SVG continues its march towards ascendancy as a web graphic format. There are tools for generating svg at runtime -- d3.js, svg.js, and raphael.js, to name a few -- but what if you just want a procedurally generated graphic for use as a background image? It makes more sense to do it once than to have each client regenerate it on every pageload.

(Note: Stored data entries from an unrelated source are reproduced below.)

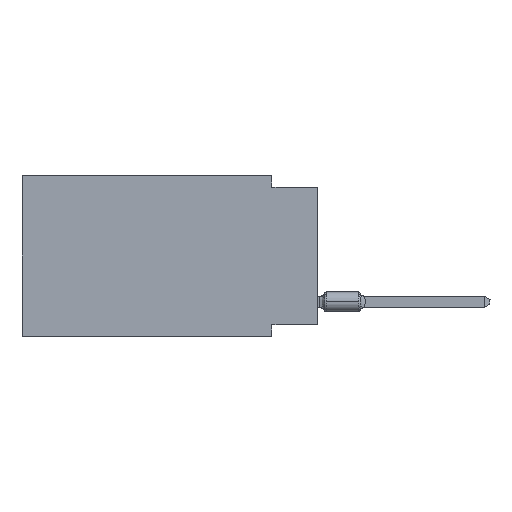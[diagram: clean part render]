
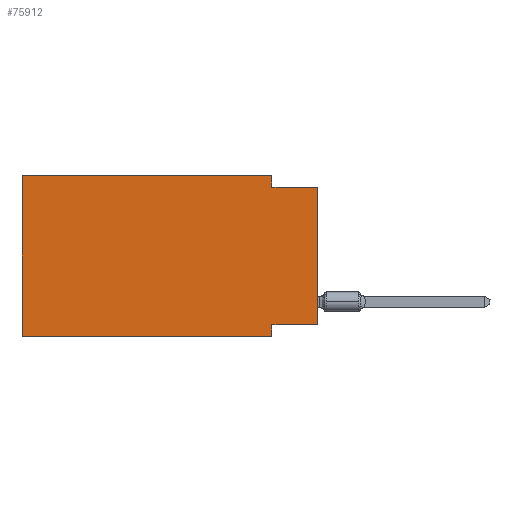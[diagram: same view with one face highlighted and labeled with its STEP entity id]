
A CAD part, left-side view. The second image highlights one B-rep face of the part: STEP entity #75912.
In plain terms, the highlighted planar face has unit normal (-1, 0, 0).
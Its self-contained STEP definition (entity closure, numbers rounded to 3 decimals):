
#4381 = VERTEX_POINT ( 'NONE', #59212 ) ;
#4571 = VERTEX_POINT ( 'NONE', #72142 ) ;
#5809 = LINE ( 'NONE', #113409, #112977 ) ;
#7164 = VERTEX_POINT ( 'NONE', #79890 ) ;
#9516 = ORIENTED_EDGE ( 'NONE', *, *, #25619, .T. ) ;
#10084 = DIRECTION ( 'NONE',  ( 0., 1., 0. ) ) ;
#12829 = AXIS2_PLACEMENT_3D ( 'NONE', #87359, #25624, #95588 ) ;
#13222 = DIRECTION ( 'NONE',  ( 0., -1., 0. ) ) ;
#14766 = DIRECTION ( 'NONE',  ( 0., 0., -1. ) ) ;
#17393 = CARTESIAN_POINT ( 'NONE',  ( 0., 0., 0. ) ) ;
#20308 = LINE ( 'NONE', #49078, #105242 ) ;
#20799 = EDGE_CURVE ( 'NONE', #22622, #112560, #53729, .T. ) ;
#22622 = VERTEX_POINT ( 'NONE', #55141 ) ;
#24633 = VECTOR ( 'NONE', #89602, 1000. ) ;
#25619 = EDGE_CURVE ( 'NONE', #22622, #57952, #20308, .T. ) ;
#25624 = DIRECTION ( 'NONE',  ( 1., 0., 0. ) ) ;
#32830 = DIRECTION ( 'NONE',  ( 0., -1., 0. ) ) ;
#34684 = DIRECTION ( 'NONE',  ( 0., 0., -1. ) ) ;
#34940 = ORIENTED_EDGE ( 'NONE', *, *, #113223, .F. ) ;
#36437 = CARTESIAN_POINT ( 'NONE',  ( 0., 2.54, -8.89 ) ) ;
#40558 = VECTOR ( 'NONE', #34684, 1000. ) ;
#40574 = ORIENTED_EDGE ( 'NONE', *, *, #41600, .F. ) ;
#41600 = EDGE_CURVE ( 'NONE', #4571, #4381, #92919, .T. ) ;
#44389 = LINE ( 'NONE', #44960, #105728 ) ;
#44960 = CARTESIAN_POINT ( 'NONE',  ( 0., 0., -0.635 ) ) ;
#45484 = CARTESIAN_POINT ( 'NONE',  ( 0., 16.383, 0. ) ) ;
#49078 = CARTESIAN_POINT ( 'NONE',  ( 0., 16.383, -8.89 ) ) ;
#53729 = LINE ( 'NONE', #45484, #24633 ) ;
#55141 = CARTESIAN_POINT ( 'NONE',  ( 0., 16.383, -8.89 ) ) ;
#56135 = VECTOR ( 'NONE', #107349, 1000. ) ;
#57952 = VERTEX_POINT ( 'NONE', #76525 ) ;
#59212 = CARTESIAN_POINT ( 'NONE',  ( 0., 2.54, -8.255 ) ) ;
#68227 = CARTESIAN_POINT ( 'NONE',  ( 0., 2.54, 0. ) ) ;
#69706 = EDGE_LOOP ( 'NONE', ( #71411, #88153, #92332, #108795, #84677, #9516, #34940, #40574 ) ) ;
#70302 = FACE_OUTER_BOUND ( 'NONE', #69706, .T. ) ;
#70803 = VERTEX_POINT ( 'NONE', #87946 ) ;
#71411 = ORIENTED_EDGE ( 'NONE', *, *, #75991, .T. ) ;
#71476 = LINE ( 'NONE', #17393, #56135 ) ;
#72142 = CARTESIAN_POINT ( 'NONE',  ( 0., 0., -8.255 ) ) ;
#75912 = ADVANCED_FACE ( 'NONE', ( #70302 ), #104430, .F. ) ;
#75991 = EDGE_CURVE ( 'NONE', #4571, #70803, #71476, .T. ) ;
#76525 = CARTESIAN_POINT ( 'NONE',  ( 0., 2.54, -8.89 ) ) ;
#79318 = EDGE_CURVE ( 'NONE', #7164, #70803, #44389, .T. ) ;
#79890 = CARTESIAN_POINT ( 'NONE',  ( 0., 2.54, -0.635 ) ) ;
#81135 = LINE ( 'NONE', #36437, #40558 ) ;
#83538 = VECTOR ( 'NONE', #10084, 1000. ) ;
#84677 = ORIENTED_EDGE ( 'NONE', *, *, #20799, .F. ) ;
#87359 = CARTESIAN_POINT ( 'NONE',  ( 0., 16.383, 0. ) ) ;
#87946 = CARTESIAN_POINT ( 'NONE',  ( 0., 0., -0.635 ) ) ;
#88153 = ORIENTED_EDGE ( 'NONE', *, *, #79318, .F. ) ;
#88218 = VECTOR ( 'NONE', #14766, 1000. ) ;
#89602 = DIRECTION ( 'NONE',  ( 0., 0., 1. ) ) ;
#90381 = CARTESIAN_POINT ( 'NONE',  ( 0., 16.383, 0. ) ) ;
#90636 = CARTESIAN_POINT ( 'NONE',  ( 0., 0., -8.255 ) ) ;
#92332 = ORIENTED_EDGE ( 'NONE', *, *, #116079, .F. ) ;
#92919 = LINE ( 'NONE', #90636, #83538 ) ;
#95588 = DIRECTION ( 'NONE',  ( 0., 0., -1. ) ) ;
#99879 = EDGE_CURVE ( 'NONE', #112560, #113054, #5809, .T. ) ;
#104137 = LINE ( 'NONE', #111235, #88218 ) ;
#104430 = PLANE ( 'NONE',  #12829 ) ;
#105242 = VECTOR ( 'NONE', #13222, 1000. ) ;
#105728 = VECTOR ( 'NONE', #115557, 1000. ) ;
#107349 = DIRECTION ( 'NONE',  ( 0., 0., 1. ) ) ;
#108795 = ORIENTED_EDGE ( 'NONE', *, *, #99879, .F. ) ;
#111235 = CARTESIAN_POINT ( 'NONE',  ( 0., 2.54, 0. ) ) ;
#112560 = VERTEX_POINT ( 'NONE', #90381 ) ;
#112977 = VECTOR ( 'NONE', #32830, 1000. ) ;
#113054 = VERTEX_POINT ( 'NONE', #68227 ) ;
#113223 = EDGE_CURVE ( 'NONE', #4381, #57952, #81135, .T. ) ;
#113409 = CARTESIAN_POINT ( 'NONE',  ( 0., 16.383, 0. ) ) ;
#115557 = DIRECTION ( 'NONE',  ( 0., -1., 0. ) ) ;
#116079 = EDGE_CURVE ( 'NONE', #113054, #7164, #104137, .T. ) ;

I found a few people doing this online, with approaches falling into two categories:

  • node + jsdom + an SVG library like Raphaël (example)
  • Server-side tool like SVuGy to build an svg file from Ruby, etc.
  • PhantomJS + one of the popular SVG libraries

I'm really enjoying client-side Web technology lately, so I decided to take the third path: Load an SVG-generating page into a headless browser, grab the SVG node out of the DOM, and save it to a file. For the browser I used the excellent PhantomJS. My script was this:

#!/Users/sixsided/bin/phantomjs

var page = require('webpage').create();
var args = require('system').args;
var system = require('system');


var svg_url = args[1];
var svg_jquery_selector = args[2] || 'svg';  // default to reading first <svg> in page

system.stderr.write([svg_url, svg_jquery_selector].join(', '));

page.onConsoleMessage = function (msg) {
    // print any js errors to stderr
    system.stderr.write("\n\n\n\n");
};

page.open('http://livecode/mksvg.html', function () {
    system.stderr.writeLine('this: ' +  this +  '  window: ' +  window);

    system.stdout.write(page.evaluate(function(selector){ 
        // SVG is a different XML dialect from HTML, so it has no innerHTML; 
        // wrap it in a div in order to get at its content
        var d = document.createElement('div');
        d.appendChild(jQuery(selector)[0].cloneNode(true /* deep copy */));    
        return d.innerHTML;            
    }, svg_jquery_selector));
    phantom.exit();

});
Usage:
    scrape_svg.js http://d3js.org/ svg
PhantomJS isn't especially complicated, but it is different from straight-up browser scripting. The browser js environment is sandboxed away from then nodejs environment via callbacks that can only accept (and return) simple Javascript objects (ie, only what you could pass through JSON). There's a DOMWindow object available in the top-level nodejs scope, on which you can call setTimeout, etc.